Why A Four-Day Work Week Doesn't Work - swombat
http://www.forbes.com/2008/08/18/careers-leadership-work-leadership-cx_tw_0818workweek_print.html

======
jrsims
This article starts off assuming that a four-day workweek entails cramming the
usual 40 hour workweek into 4 days instead of 5. I stopped reading right
there, because the idea of "Four Tens" or "Power Shifts" aren't new ideas and
really only work for certain types of people in certain roles.

People aren't robots. Just because you're getting the same amount of time per
week from them doesn't mean you're the getting the same efficiency too. 37S
has already expanded on this topic and I fully agree.

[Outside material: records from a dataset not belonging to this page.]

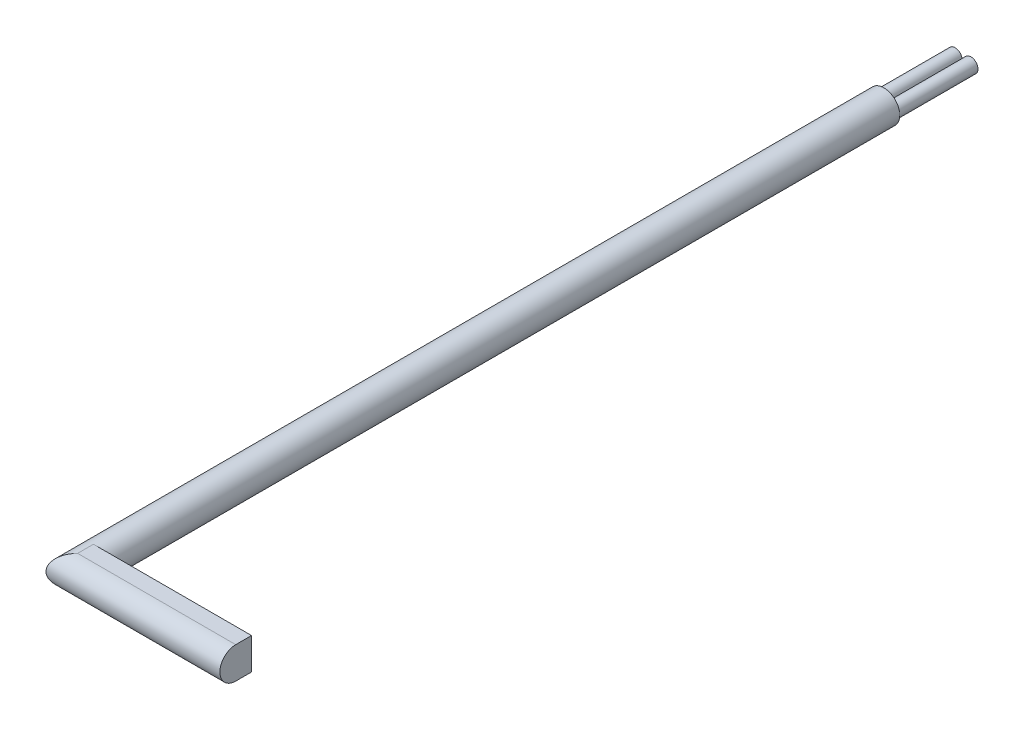
SolidWorks part; units mm, degrees
ref_plane "Front Plane" through (0, 0, 0) normal (0, 0, 1) x (1, 0, 0)
ref_plane "Top Plane" through (0, 0, 0) normal (0, 1, 0) x (1, 0, 0)
ref_plane "Right Plane" through (0, 0, 0) normal (1, 0, 0) x (0, 0, -1)
sketch "Sketch1" plane through (0, 0, 0) normal (0, 0, 1) x (1, 0, 0)
  circle A0 centre (0, 0) radius 1
  dimension "D1" = 2
extrude "Boss-Extrude1" add sketch "Sketch1" along normal blind 50
sketch "Sketch2" plane through (0, 0, 50) normal (0, 0, 1) x (1, 0, 0)
  line L1 (0, 1) -> (10, 1)
  line L2 (0, 1) -> (0, -1)
  line L3 (0, -1) -> (10, -1)
  line L4 (10, 1) -> (10, -1)
  circle A0 centre (0, 0) radius 1 construction
  dimension "D1" = 2
  dimension "D2" = 10
extrude "Boss-Extrude2" add sketch "Sketch2" along normal blind 2
sketch "Sketch3" plane through (0, 0, 50) normal (0, 0, 1) x (1, 0, 0)
  line L1 (0, -1) -> (0, 1)
  line L2 (0, -1) -> (0, 1)
  arc A1 (0, 1) -> (0, -1) centre (0, 0) ccw
  arc A2 (0, 1) -> (0, -1) centre (0, 0) ccw
  dimension "D1" = 0
extrude "Boss-Extrude3" add sketch "Sketch3" along normal blind 2
sketch "Sketch4" plane through (10, 0, 0) normal (1, 0, 0) x (0, 0, -1)
  line L0 (-51, 1) -> (-51, -1)
  line L1 (-52, 1) -> (-50, 1) construction
  line L2 (-52, -1) -> (-50, -1) construction
  line L3 (-51, 1) -> (-52, 1)
  line L4 (-52, 1) -> (-52, -1)
  line L5 (-52, -1) -> (-51, -1)
  arc A0 (-51, 1) -> (-51, -1) centre (-51, 0) ccw
  line M2 (-50, 1) -> (-52, 1)
  line M3 (-52, 1) -> (-52, -1)
  line M4 (-52, -1) -> (-50, -1)
extrude "Cut-Extrude1" cut sketch "Sketch4" against normal up to surface (10 mm away) contours A0 M2 M3 | A0 L4 M4
sketch "Sketch5" plane through (0, 0, 0) normal (0, 0, -1) x (-1, 0, 0)
  line L0 (0, 0) -> (0.5, 0)
  line L1 (0, 0) -> (-0.5, 0)
  circle A0 centre (0.5, 0) radius 0.45
  circle A1 centre (-0.5, 0) radius 0.45
  dimension "D3" = 0.9
  dimension "D4" = 0.9
  dimension "D1" = 0.5
  dimension "D2" = 0.5
extrude "Boss-Extrude4" add sketch "Sketch5" along normal blind 5
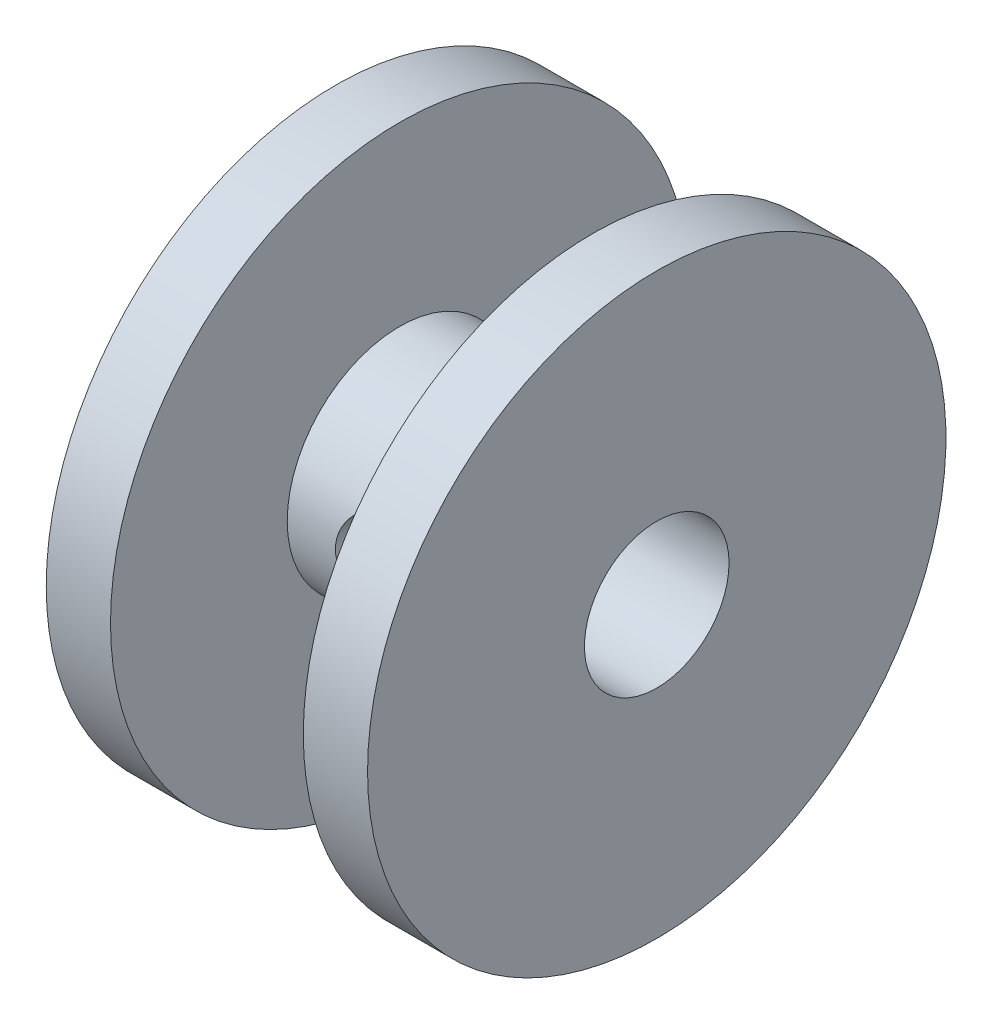
SolidWorks part; units mm, degrees
ref_plane "Front Plane" through (0, 0, 0) normal (0, 0, 1) x (1, 0, 0)
ref_plane "Top Plane" through (0, 0, 0) normal (0, 1, 0) x (1, 0, 0)
ref_plane "Right Plane" through (0, 0, 0) normal (1, 0, 0) x (0, 0, -1)
sketch "Sketch1" plane through (0, 0, 0) normal (0, 0, 1) x (1, 0, 0)
  line L20 (-85.1361, -10.256) -> (-85.1361, -19.256)
  line L21 (-85.1361, -19.256) -> (-75.1361, -19.256)
  line L22 (-75.1361, -19.256) -> (-75.1361, -10.256)
  line L23 (-75.1361, -10.256) -> (-77.1361, -10.256)
  line L24 (-77.1361, -10.256) -> (-77.1361, -15.756)
  line L25 (-77.1361, -15.756) -> (-83.1361, -15.756)
  line L26 (-83.1361, -15.756) -> (-83.1361, -10.256)
  line L27 (-83.1361, -10.256) -> (-85.1361, -10.256)
  dimension "D1" = 6
  dimension "D2" = 2
  dimension "D3" = 3.5
  dimension "D4" = 9
revolve "Revolve2" add sketch "Sketch1" angle 360 about L21
sketch "Sketch2" plane through (-75.1361, 0, 0) normal (1, 0, 0) x (0, 0, -1)
  circle A0 centre (0, -19.256) radius 2.25
  circle A2 centre (0, -19.256) radius 9 construction
  point P2 (0, 0)
  point P3 (0, 0)
  point P4 (0, 0)
extrude "Cut-Extrude1" cut sketch "Sketch2" against normal through all
ref_plane "Plane1" through (0, 0, 0) normal (0, 0, 1) x (1, 0, 0)
sketch "Sketch5" plane through (0, 0, 0) normal (0, 0, 1) x (1, 0, 0)
  line L0 (-75.1361, -28.256) -> (-75.1361, -10.256) construction
  line L2 (-83.1361, -22.756) -> (-77.1361, -22.756) construction
  circle A0 centre (-80.1361, -19.256) radius 1.5
  point P6 (-75.9207, -24.6385)
  dimension "D2" = 3
  dimension "D1" = 5
  dimension "D3" = 3.5
extrude "Cut-Extrude2" cut sketch "Sketch5" against normal through all both and the other way through all

I get frustrated with these kinds of articles where the author demonstrates
their lack of willingness to think outside the box or attempt to grasp some
counter-intuitive ideas on this topic.

A workweek of four, eight-hour workdays with the option to work into your
3-day weekend on occasion is the way to go for a lot of traditional 9-5 office
jobs, IMO. Your "Four Tens" and "Power Shifts" are going to burn out a lot of
people unnecessarily. What I fear is that some companies will start
experimenting with a 4-day workweek by compressing more human time into fewer
days and will be unhappy with the results they get, thus returning to the
standard 5-day workweek with the claim that their experiment failed and 4-day
workweeks "don't actually work". The State of California is experimenting in
this exact same manner now (Yes, the State of California - the gold standard
in efficiency, right?).

As for those of us who have been bitten by the entrepreneurship bug, I think
many of us actually can be more productive in working long hours - maybe even
as much as 7 days a week - but that's because we are energized and driven by
our vision. And ultimately, it's our choice anyway.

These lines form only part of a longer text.